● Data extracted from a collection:
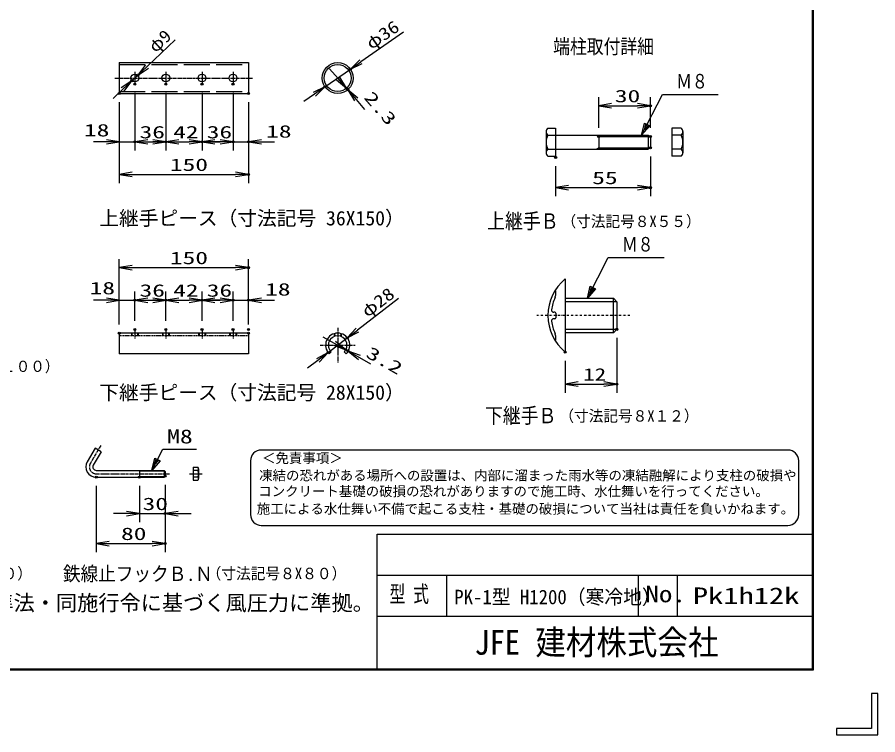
# Model space of a CAD drawing. Units: millimetres, scale not verified. Extents: x -2950 to 2950, y -2100 to 2100.
# Drawn here: x 952 to 2950, y -2100 to -434 of the extents above; entities that cross this region are included whole.
import ezdxf
from ezdxf.enums import TextEntityAlignment as Align

# ---------------------------------------------------------------- set-up
doc = ezdxf.new("R2010")
doc.units = ezdxf.units.MM
doc.header["$LTSCALE"] = 10
doc.header["$PDMODE"] = 32
doc.header["$PDSIZE"] = 5
for name, pattern in [('DASHED', [7.5, 6, -1.5]), ('USER1', [1.125, 0.75, -0.125, 0.125, -0.125]), ('USER3', [1.01, 0.5, -0.25, 0.01, -0.25]), ('USER4', [0.375, 0.25, -0.125])]:
    doc.linetypes.add(name, pattern=pattern)
for name, color, linetype, lineweight in [('0-1_1', 7, 'Continuous', 25), ('0-2_0', 7, 'Continuous', 25), ('0-4_EXTCNT-L', 2, 'Continuous', 25), ('0-6_WAKU', 7, 'Continuous', 25), ('0-9_D-TTL-TXT', 2, 'Continuous', 25)]:
    doc.layers.add(name, color=color, linetype=linetype, lineweight=lineweight)
doc.layers.add('0-5_DEFPOINTS', color=7, linetype='Continuous')
doc.styles.add('ＭＳ ゴシック', font='')
doc.styles.get('ＭＳ ゴシック').set_extended_font_data('MS Gothic')

# ---------------------------------------------------------------- blocks, each defined once
blk = doc.blocks.new('DARROWS')
at = {"layer": '0-2_0', "color": 2}
blk.add_line((0, 0), (-9.991, 0), dxfattribs=at)
blk.add_lwpolyline([(-10, -1.667), (0, 0), (-10, 1.667)], dxfattribs=at)

msp = doc.modelspace()

# ---------------------------------------------------------------- linework, layer by layer
at = {"layer": '0-1_1', "color": 4}
for p, q in [((2401.74, -708.07), (2450.36, -613.07)), ((2450.36, -613.07), (2579.86, -613.07)), ((2344.36, -1094.57), (2224.36, -1094.57)), ((2224.36, -1158.57), (2344.36, -1158.57)), ((1264.64, -1485.93), (1289.73, -1436.92)), ((1289.73, -1436.92), (1368.55, -1436.92)), ((1264.64, -1485.93), (1271.17, -1457.82)), ((1271.17, -1457.82), (1283.63, -1464.2)), ((1271.02, -1473.47), (1274.28, -1459.41)), ((1280.52, -1462.6), (1271.02, -1473.47))]:
    msp.add_line(p, q, dxfattribs=at)
at = {"layer": '0-1_1'}
for p, q in [((2224.36, -1041.57), (2224.36, -1211.57)), ((2202.36, -1076.88), (2202.36, -1069.63)), ((2224.36, -1086.57), (2336.36, -1086.57)), ((2344.36, -1094.57), (2344.36, -1158.57)), ((2200.36, -1119.07), (2197.66, -1119.07)), ((2200.36, -1134.07), (2197.66, -1134.07)), ((2202.36, -1121.07), (2202.36, -1132.07)), ((2202.36, -1183.5), (2202.36, -1176.25))]:
    msp.add_line(p, q, dxfattribs=at)
at = {"layer": '0-1_1', "color": 4, "linetype": 'USER3'}
msp.add_line((2374.41, -1126.57), (2158.4, -1126.57), dxfattribs=at)
at = {"layer": '0-1_1', "color": 4}
for points in [[(2420.73, -686.33), (2401.74, -708.07), (2408.26, -679.95)], [(2294.72, -1064.83), (2275.74, -1086.57), (2282.26, -1058.45)]]:
    msp.add_lwpolyline(points, close=True, dxfattribs=at)
for points in [[(2417.61, -684.74), (2408.12, -695.61), (2411.38, -681.55)], [(2275.74, -1086.57), (2324.36, -991.57), (2453.86, -991.57)], [(2291.61, -1063.24), (2282.11, -1074.1), (2285.38, -1060.05)]]:
    msp.add_lwpolyline(points, dxfattribs=at)
at = {"layer": '0-1_1'}
for points in [[(2336.36, -1166.57), (2336.36, -1086.57), (2344.36, -1094.57)], [(2344.36, -1158.57), (2336.36, -1166.57), (2224.36, -1166.57)]]:
    msp.add_lwpolyline(points, dxfattribs=at)
for centre, radius, start, end in [((2294.67, -1126.57), 110.31, 129.59747, 230.40213), ((2201.36, -1069.63), 1, 0, 148.60435), ((2182.36, -1076.88), 20, 336.13489, 0), ((2294.67, -1126.57), 102.81, 156.13531, 172.65765), ((2197.66, -1114.07), 5, 172.65716, 270), ((2197.66, -1139.07), 5, 90, 187.34283), ((2200.36, -1121.07), 2, 0, 90), ((2200.36, -1132.07), 2, 270, 0), ((2294.67, -1126.57), 102.81, 187.34226, 203.86461), ((2182.36, -1176.25), 20, 0, 23.8647), ((2201.36, -1183.5), 1, 211.38818, 0)]:
    msp.add_arc(centre, radius, start, end, dxfattribs=at)
at = {"layer": '0-2_0'}
for p, q in [((1189.06, -539.15), (1189.06, -611.15)), ((1189.06, -539.15), (1489.06, -539.15)), ((1489.06, -539.15), (1489.06, -611.15)), ((1189.06, -611.15), (1489.06, -611.15)), ((2180.07, -699.13), (2180.07, -748.52)), ((2184.07, -691.67), (2202.07, -691.67)), ((2202.07, -691.67), (2202.07, -756.47)), ((2471.57, -691.67), (2471.57, -756.47)), ((2493.57, -691.67), (2471.57, -691.67)), ((2497.57, -699.13), (2497.57, -748.52)), ((2184.07, -707.87), (2202.07, -707.87)), ((2202.07, -708.07), (2417.27, -708.07)), ((2297.27, -708.07), (2302.07, -710.78)), ((2302.07, -710.78), (2422.07, -710.78)), ((2417.27, -708.07), (2417.27, -740.07)), ((2417.27, -708.07), (2422.07, -710.78)), ((2422.07, -710.78), (2422.07, -737.36)), ((2493.57, -707.87), (2471.57, -707.87)), ((2302.07, -737.36), (2422.07, -737.36)), ((2422.07, -737.36), (2417.27, -740.07)), ((2184.07, -740.27), (2202.07, -740.27)), ((2184.07, -756.47), (2202.07, -756.47)), ((2202.07, -740.07), (2417.27, -740.07)), ((2493.57, -740.27), (2471.57, -740.27)), ((2493.57, -756.47), (2471.57, -756.47)), ((1217.06, -1167.43), (1217.06, -1173.83)), ((1218.46, -1167.43), (1218.46, -1173.83)), ((1231.66, -1167.43), (1231.66, -1173.83)), ((1233.06, -1167.43), (1233.06, -1173.83)), ((1289.06, -1167.43), (1289.06, -1173.83)), ((1290.46, -1167.43), (1290.46, -1173.83)), ((1303.66, -1167.43), (1303.66, -1173.83)), ((1305.06, -1167.43), (1305.06, -1173.83)), ((1373.06, -1167.43), (1373.06, -1173.83)), ((1374.46, -1167.43), (1374.46, -1173.83)), ((1387.66, -1167.43), (1387.66, -1173.83)), ((1389.06, -1167.43), (1389.06, -1173.83)), ((1445.06, -1167.43), (1445.06, -1173.83)), ((1446.46, -1167.43), (1446.46, -1173.83)), ((1459.66, -1167.43), (1459.66, -1173.83)), ((1461.06, -1167.43), (1461.06, -1173.83)), ((1489.06, -1167.43), (1489.06, -1215.23)), ((1489.06, -1215.23), (1189.06, -1215.23)), ((1680.79, -1210.7), (1676.26, -1215.23)), ((1711.33, -1210.7), (1715.86, -1215.23)), ((1132.78, -1434.76), (1114.78, -1465.93)), ((1146.64, -1442.76), (1132.78, -1434.76)), ((1146.64, -1442.76), (1128.64, -1473.93)), ((1135.57, -1485.93), (1293.17, -1485.93)), ((1228.17, -1485.93), (1235.57, -1487.33)), ((1235.57, -1485.93), (1235.57, -1501.93)), ((1235.57, -1487.33), (1294.57, -1487.33)), ((1293.17, -1485.93), (1293.17, -1501.93)), ((1295.57, -1488.33), (1293.17, -1485.93)), ((1295.57, -1488.33), (1295.57, -1499.53)), ((1295.57, -1488.33), (1295.57, -1499.53)), ((1360.16, -1478.93), (1371.76, -1478.93)), ((1360.16, -1478.93), (1360.16, -1508.93)), ((1371.76, -1486.43), (1360.16, -1486.43)), ((1373.16, -1482.09), (1373.16, -1505.22)), ((1135.57, -1501.93), (1293.17, -1501.93)), ((1228.17, -1501.93), (1235.57, -1500.53)), ((1235.57, -1500.53), (1294.57, -1500.53)), ((1293.17, -1501.93), (1295.57, -1499.53)), ((1371.76, -1501.43), (1360.16, -1501.43)), ((1360.16, -1508.93), (1371.76, -1508.93))]:
    msp.add_line(p, q, dxfattribs=at)
at = {"layer": '0-2_0', "linetype": 'DASHED'}
for p, q in [((1189.06, -543.75), (1489.06, -543.75)), ((1189.06, -606.55), (1489.06, -606.55))]:
    msp.add_line(p, q, dxfattribs=at)
at = {"layer": '0-2_0', "color": 4, "linetype": 'USER1'}
for p, q in [((1225.06, -1158.85), (1225.06, -1181.16)), ((1297.06, -1158.85), (1297.06, -1181.16)), ((1381.06, -1158.85), (1381.06, -1181.16)), ((1453.06, -1158.85), (1453.06, -1181.16)), ((1696.06, -1154.92), (1696.06, -1235.93)), ((1655.56, -1195.43), (1736.56, -1195.43)), ((1145.92, -1428), (1121.71, -1469.93)), ((1135.57, -1493.93), (1305.35, -1493.93)), ((1351.66, -1493.93), (1381.39, -1493.93))]:
    msp.add_line(p, q, dxfattribs=at)
at = {"layer": '0-2_0', "linetype": 'USER4'}
for p, q in [((1489.06, -1173.83), (1189.06, -1173.83)), ((1688.06, -1168.6), (1688.06, -1175.36)), ((1689.46, -1168.22), (1689.46, -1174.86)), ((1702.66, -1168.22), (1702.66, -1174.86)), ((1704.06, -1168.6), (1704.06, -1175.36))]:
    msp.add_line(p, q, dxfattribs=at)
at = {"layer": '0-2_0'}
for points in [[(2302.07, -710.78), (2302.07, -737.36), (2297.27, -740.07)], [(1489.06, -1167.43), (1189.06, -1167.43), (1189.06, -1215.23)]]:
    msp.add_lwpolyline(points, dxfattribs=at)
for centre, radius in [((1696.06, -575.15), 36), ((1696.06, -575.15), 31.4), ((1225.06, -575.15), 9), ((1297.06, -575.15), 9), ((1381.06, -575.15), 9), ((1453.06, -575.15), 9)]:
    msp.add_circle(centre, radius, dxfattribs=at)
for centre, radius, start, end in [((2190.22, -699.77), 10.17, 127.21089, 232.78911), ((2487.42, -699.77), 10.17, 307.21089, 52.78911), ((2214.88, -724.07), 34.8, 152.26063, 207.73937), ((2462.77, -724.07), 34.8, 332.26063, 27.73937), ((2190.27, -748.37), 10.2, 127.42505, 232.57495), ((2487.37, -748.37), 10.2, 307.42505, 52.57495), ((1696.06, -1195.43), 28, 315, 225), ((1696.06, -1195.43), 21.6, 315, 225), ((1135.57, -1477.93), 24, 150, 270), ((1135.57, -1477.93), 8, 150, 270), ((1367.56, -1482.68), 5.63, 318.21899, 41.78101), ((1352.37, -1493.93), 20.79, 338.85295, 21.14705), ((1367.44, -1505.18), 5.72, 319.0514, 40.9486)]:
    msp.add_arc(centre, radius, start, end, dxfattribs=at)
at = {"layer": '0-2_0', "color": 4, "linetype": 'USER1'}
msp.add_arc((1135.57, -1477.93), 16, 150, 270, dxfattribs=at)
at = {"layer": '0-4_EXTCNT-L'}
for p, q in [((1848.63, -468.77), (1750.2, -537.4)), ((1318.78, -486.51), (1253.39, -548.35)), ((1666.53, -595.74), (1725.59, -554.56)), ((1696.97, -576.21), (1677.39, -553.48)), ((1218.52, -581.34), (1231.6, -568.97)), ((1716.55, -598.94), (1719.56, -602.43)), ((1196.73, -601.95), (1174.93, -622.57)), ((1641.92, -612.9), (1617.31, -630.06)), ((1739.14, -625.15), (1758.72, -647.88)), ((2332.07, -639.65), (2392.07, -639.65)), ((1159.06, -723.35), (1129.06, -723.35)), ((1189.06, -723.35), (1225.06, -723.35)), ((1255.06, -723.35), (1285.06, -723.35)), ((1255.06, -723.35), (1267.06, -723.35)), ((1327.06, -723.35), (1351.06, -723.35)), ((1423.06, -723.35), (1393.06, -723.35)), ((1411.06, -723.35), (1423.06, -723.35)), ((1453.06, -723.35), (1489.06, -723.35)), ((1519.06, -723.35), (1549.06, -723.35)), ((1219.06, -799.01), (1459.06, -799.01)), ((2232.07, -829.64), (2392.07, -829.64)), ((1219.06, -1015.44), (1459.06, -1015.44)), ((1159.06, -1090.95), (1129.06, -1090.95)), ((1189.06, -1090.95), (1225.06, -1090.95)), ((1255.06, -1090.95), (1285.06, -1090.95)), ((1255.06, -1090.95), (1267.06, -1090.95)), ((1327.06, -1090.95), (1351.06, -1090.95)), ((1423.06, -1090.95), (1393.06, -1090.95)), ((1411.06, -1090.95), (1423.06, -1090.95)), ((1453.06, -1090.95), (1489.06, -1090.95)), ((1519.06, -1090.95), (1549.06, -1090.95)), ((1837.43, -1087.27), (1742.13, -1160.19)), ((1688.75, -1191.28), (1662.66, -1176.48)), ((1673.82, -1212.44), (1718.3, -1178.42)), ((1714.84, -1206.09), (1720.41, -1209.25)), ((1649.99, -1230.67), (1626.17, -1248.9)), ((1746.5, -1224.06), (1772.59, -1238.86)), ((2254.36, -1285.77), (2314.36, -1285.77)), ((1205.57, -1586.34), (1175.57, -1586.34)), ((1235.57, -1586.34), (1295.57, -1586.34)), ((1325.57, -1586.34), (1355.57, -1586.34)), ((1165.57, -1655.83), (1265.57, -1655.83))]:
    msp.add_line(p, q, dxfattribs=at)
at = {"layer": '0-4_EXTCNT-L', "color": 4, "linetype": 'USER1'}
msp.add_line((1178.76, -575.15), (1498.59, -575.15), dxfattribs=at)
at = {"layer": '0-4_EXTCNT-L', "color": 4}
for p, q in [((1225.06, -560.76), (1225.06, -589.54)), ((1297.06, -560.76), (1297.06, -589.54)), ((1381.06, -560.76), (1381.06, -589.54)), ((1453.06, -560.76), (1453.06, -589.54)), ((1696.06, -575.15), (1733.52, -618.63)), ((1283.63, -1464.2), (1264.64, -1485.93))]:
    msp.add_line(p, q, dxfattribs=at)
at = {"layer": '0-4_EXTCNT-L', "color": 1}
for p, q in [((1225.06, -609.54), (1225.06, -743.35)), ((1225.06, -609.54), (1225.06, -743.35)), ((1297.06, -609.54), (1297.06, -743.35)), ((1297.06, -609.54), (1297.06, -743.35)), ((1381.06, -609.54), (1381.06, -743.35)), ((1381.06, -609.54), (1381.06, -743.35)), ((1453.06, -609.54), (1453.06, -743.35)), ((1453.06, -609.54), (1453.06, -743.35)), ((1189.06, -631.15), (1189.06, -743.35)), ((1189.06, -631.15), (1189.06, -819.01)), ((1489.06, -631.15), (1489.06, -743.35)), ((1489.06, -631.15), (1489.06, -819.01)), ((2302.07, -690.78), (2302.07, -619.65)), ((2422.07, -690.78), (2422.07, -619.65)), ((2422.07, -757.36), (2422.07, -849.64)), ((2202.07, -779.67), (2202.07, -849.64)), ((1189.06, -1147.43), (1189.06, -995.44)), ((1489.06, -1147.43), (1489.06, -995.44)), ((1189.06, -1147.43), (1189.06, -1070.95)), ((1225.06, -1138.85), (1225.06, -1070.95)), ((1225.06, -1138.85), (1225.06, -1070.95)), ((1297.06, -1138.85), (1297.06, -1070.95)), ((1297.06, -1138.85), (1297.06, -1070.95)), ((1381.06, -1138.85), (1381.06, -1070.95)), ((1381.06, -1138.85), (1381.06, -1070.95)), ((1453.06, -1138.85), (1453.06, -1070.95)), ((1453.06, -1138.85), (1453.06, -1070.95)), ((1489.06, -1138.85), (1489.06, -1070.95)), ((2344.36, -1178.57), (2344.36, -1305.77)), ((2224.36, -1231.57), (2224.36, -1305.77)), ((1135.57, -1521.93), (1135.57, -1675.83)), ((1235.57, -1521.93), (1235.57, -1606.34)), ((1295.57, -1519.53), (1295.57, -1606.34)), ((1295.57, -1519.53), (1295.57, -1675.83))]:
    msp.add_line(p, q, dxfattribs=at)
at = {"layer": '0-5_DEFPOINTS'}
for p in [(1725.59, -554.56), (1218.52, -581.34), (1231.6, -568.97), (1225.06, -589.54), (1297.06, -589.54), (1381.06, -589.54), (1453.06, -589.54), (1666.53, -595.74), (1716.55, -598.94), (1189.06, -611.15), (1189.06, -611.15), (1489.06, -611.15), (1719.56, -602.43), (1719.56, -602.43), (2422.07, -639.65), (2302.07, -710.78), (2422.07, -710.78), (1225.06, -723.35), (1297.06, -723.35), (1381.06, -723.35), (1453.06, -723.35), (1489.06, -723.35), (2422.07, -737.36), (2202.07, -759.67), (1489.06, -799.01), (2422.07, -829.64), (1489.06, -1015.44), (1225.06, -1090.95), (1297.06, -1090.95), (1381.06, -1090.95), (1453.06, -1090.95), (1489.06, -1090.95), (1225.06, -1158.85), (1297.06, -1158.85), (1381.06, -1158.85), (1453.06, -1158.85), (1489.06, -1158.85), (2344.36, -1158.57), (1189.06, -1167.43), (1489.06, -1167.43), (1718.3, -1178.42), (1673.82, -1212.44), (1714.84, -1206.09), (1720.41, -1209.25), (2224.36, -1211.57), (2344.36, -1285.77), (1295.57, -1499.53), (1135.57, -1501.93), (1235.57, -1501.93), (1295.57, -1586.34), (1295.57, -1655.83)]:
    msp.add_point(p, dxfattribs=at)
at = {"layer": '0-6_WAKU'}
for p, q in [((1787.78, -1633.79), (2797.41, -1633.79)), ((1787.78, -1947.17), (1787.78, -1633.79)), ((1787.78, -1729.29), (2797.41, -1729.29)), ((1949.23, -1824.79), (1949.23, -1729.29)), ((2394.2, -1824.79), (2394.2, -1729.29)), ((2484.93, -1824.79), (2484.93, -1729.29)), ((1787.78, -1824.79), (2797.41, -1824.79)), ((2935.75, -2004.34), (2935.75, -2085.51)), ((2854.58, -2099.84), (2950.08, -2099.84))]:
    msp.add_line(p, q, dxfattribs=at)
msp.add_lwpolyline([(-2699.92, 1950.16), (2800.08, 1950.16), (2800.08, -1949.84), (-2699.92, -1949.84)], close=True, dxfattribs=at)
for points in [[(2798.74, 1948.83), (2798.74, -1948.51), (-2698.59, -1948.51)], [(2797.41, 1947.49), (2797.41, -1947.17), (-2697.26, -1947.17)], [(2950.08, -2099.84), (2950.08, -2004.34), (2935.75, -2004.34)], [(2935.75, -2085.51), (2854.58, -2085.51), (2854.58, -2099.84)]]:
    msp.add_lwpolyline(points, dxfattribs=at)
at = {"layer": '0-9_D-TTL-TXT'}
for p, q in [((2741.41, -1438.75), (1518.63, -1438.75)), ((1493.63, -1463.75), (1493.63, -1588.75)), ((2766.41, -1588.75), (2766.41, -1463.75)), ((1518.63, -1613.75), (2741.41, -1613.75))]:
    msp.add_line(p, q, dxfattribs=at)
for centre, start, end in [((1518.63, -1463.75), 90, 180), ((2741.41, -1463.75), 0, 90), ((1518.63, -1588.75), 180, 270), ((2741.41, -1588.75), 270, 0)]:
    msp.add_arc(centre, 25, start, end, dxfattribs=at)

# ---------------------------------------------------------------- block references
at = {"layer": '0-4_EXTCNT-L', "xscale": 3, "yscale": 3}
for p, rotation in [((1725.59, -554.56), 214.8869), ((1231.6, -568.97), 223.4068), ((1218.52, -581.34), 43.4068), ((1716.55, -598.94), 310.74619), ((1666.53, -595.74), 34.8869), ((1719.56, -602.43), 130.74619), ((2302.07, -639.65), 180), ((1225.06, -723.35), 180), ((1225.06, -723.35), 180), ((1297.06, -723.35), 180), ((1381.06, -723.35), 180), ((1489.06, -723.35), 180), ((1189.06, -799.01), 180), ((2202.07, -829.64), 180), ((1189.06, -1015.44), 180), ((1225.06, -1090.95), 180), ((1225.06, -1090.95), 180), ((1297.06, -1090.95), 180), ((1381.06, -1090.95), 180), ((1489.06, -1090.95), 180), ((1718.3, -1178.42), 217.41635), ((1714.84, -1206.09), 330.42457), ((1673.82, -1212.44), 37.41635), ((1720.41, -1209.25), 150.42457), ((2224.36, -1285.77), 180), ((1295.57, -1586.34), 180), ((1135.57, -1655.83), 180)]:
    msp.add_blockref('DARROWS', p, dxfattribs=dict(at, rotation=rotation))
for p in [(2422.07, -639.65), (1189.06, -723.35), (1297.06, -723.35), (1381.06, -723.35), (1453.06, -723.35), (1453.06, -723.35), (1489.06, -799.01), (2422.07, -829.64), (1489.06, -1015.44), (1189.06, -1090.95), (1297.06, -1090.95), (1381.06, -1090.95), (1453.06, -1090.95), (1453.06, -1090.95), (2344.36, -1285.77), (1235.57, -1586.34), (1295.57, -1655.83)]:
    msp.add_blockref('DARROWS', p, dxfattribs=at)

# ---------------------------------------------------------------- texts
at = {"layer": '0-1_1', "color": 4, "style": 'ＭＳ ゴシック'}
for s, height, width, p in [('端柱取付詳細', 33.65, 0.85, (2196.36, -528.83)), ('Ｍ８', 33.67, 0.8, (2481.86, -609.54)), ('上継手Ｂ', 35.72, 0.85, (2043.14, -935.8)), ('（寸法記号８X５５）', 26.24, 0.95, (2215.84, -928.97)), ('Ｍ８', 33.67, 0.8, (2355.86, -988.04)), ('（寸法記号１０X１００）', 26.04, 0.95, (661.89, -1265.29)), ('下継手Ｂ', 35.72, 0.85, (2038.15, -1387.39)), ('（寸法記号８X１２）', 26.24, 0.95, (2210.86, -1380.57)), ('M8', 32.44, 1.35, (1299.97, -1433.16)), ('（寸法記号８X９０）', 26.36, 0.95, (661.89, -1746.48)), ('（寸法記号８X８０）', 26.36, 0.95, (1391.63, -1746.48))]:
    msp.add_text(s, height=height, dxfattribs=dict(at, width=width)).set_placement(p, align=Align.BOTTOM_LEFT)
for s, p in [('上継手ピース（寸法記号 36X150）', (1142.62, -927.44)), ('下継手ピース（寸法記号 28X150）', (1142.62, -1332.07))]:
    msp.add_text(s, height=33.56, dxfattribs=at).set_placement(p, align=Align.BOTTOM_LEFT)
at = {"layer": '0-1_1', "color": 4, "style": 'ＭＳ ゴシック', "width": 0.9}
msp.add_text('鉄線止フックＢ.Ｎ', height=33.33, rotation=359.94, dxfattribs=at).set_placement((1058.2, -1752.49), align=Align.BOTTOM_LEFT)
at = {"layer": '0-4_EXTCNT-L', "color": 3, "style": 'ＭＳ ゴシック'}
for s, rotation, width, p in [('φ36', 34.887, 1.2, (1779.22, -517.84)), ('φ9', 43.407, 1.1, (1279.2, -524.7)), ('2.3', 310.746, 1.5, (1748.81, -626.91)), ('φ28', 37.416, 1.2, (1770.26, -1139.36)), ('3.2', 330.425, 1.5, (1754.89, -1229.2))]:
    msp.add_text(s, height=28.89, rotation=rotation, dxfattribs=dict(at, width=width)).set_placement(p, align=Align.BOTTOM_LEFT)
for s, height, width, p in [('30', 28.89, 1.5, (2339.57, -640.2)), ('18', 28.89, 1.5, (1107.12, -719.46)), ('36', 28.89, 1.5, (1236.06, -723.9)), ('42', 28.89, 1.5, (1314.06, -723.9)), ('36', 28.89, 1.5, (1392.06, -723.9)), ('18', 28.89, 1.5, (1530.02, -722.24)), ('150', 28.89, 1.5, (1306.56, -799.56)), ('55', 28.89, 1.5, (2287.07, -830.19)), ('150', 28.89, 1.5, (1306.56, -1015.99)), ('18', 28.89, 1.5, (1120.19, -1085.99)), ('36', 28.89, 1.5, (1236.06, -1091.5)), ('42', 28.89, 1.5, (1314.06, -1091.5)), ('36', 28.89, 1.5, (1392.06, -1091.5)), ('18', 28.89, 1.5, (1527.66, -1088.88)), ('12', 28.86, 1.35, (2266.36, -1286.32)), ('30', 28.89, 1.5, (1243.07, -1586.89)), ('80', 28.89, 1.5, (1193.07, -1656.38))]:
    msp.add_text(s, height=height, dxfattribs=dict(at, width=width)).set_placement(p, align=Align.BOTTOM_LEFT)
at = {"layer": '0-6_WAKU', "style": 'ＭＳ ゴシック'}
for s, height, width, p in [('型 式', 38.48, 0.7, (1816.28, -1803.85)), ('PK-1型 H1200（寒冷地）', 33.67, 0.95, (1966.72, -1806.91)), ('No.', 38.48, 1.2, (2410.44, -1803.85)), ('Pk1h12k', 38.48, 1.35, (2520.7, -1807.83)), ('JFE 建材株式会社', 57.73, 0.9, (2013.51, -1931.29))]:
    msp.add_text(s, height=height, dxfattribs=dict(at, width=width)).set_placement(p, align=Align.BOTTOM_LEFT)
at = {"layer": '0-9_D-TTL-TXT', "color": 7, "style": 'ＭＳ ゴシック'}
for s, height, p in [('＜免責事項＞ \u3000\u3000', 22.87, (1520.48, -1475.84)), ('凍結の恐れがある場所への設置は、内部に溜まった雨水等の凍結融解により支柱の破損や', 22.87, (1513.72, -1516.08)), ('コンクリート基礎の破損の恐れがありますので施工時、水仕舞いを行ってください。', 22.87, (1511.67, -1552.8)), ('施工による水仕舞い不備で起こる支柱・基礎の破損について当社は責任を負いかねます。 ', 22.87, (1508.17, -1593.54)), ('（設計条件）風荷重：昭和57年改正 建築基準法・同施行令に基づく風圧力に準拠。', 36.08, (-65.17, -1822.38))]:
    msp.add_text(s, height=height, dxfattribs=at).set_placement(p, align=Align.BOTTOM_LEFT)

doc.saveas('drawing.dxf')

● Work item:
Every line of the records that includes the word "DARROWS" should be gathered.

● Result for this task:
blk = doc.blocks.new('DARROWS')
    msp.add_blockref('DARROWS', p, dxfattribs=dict(at, rotation=rotation))
    msp.add_blockref('DARROWS', p, dxfattribs=at)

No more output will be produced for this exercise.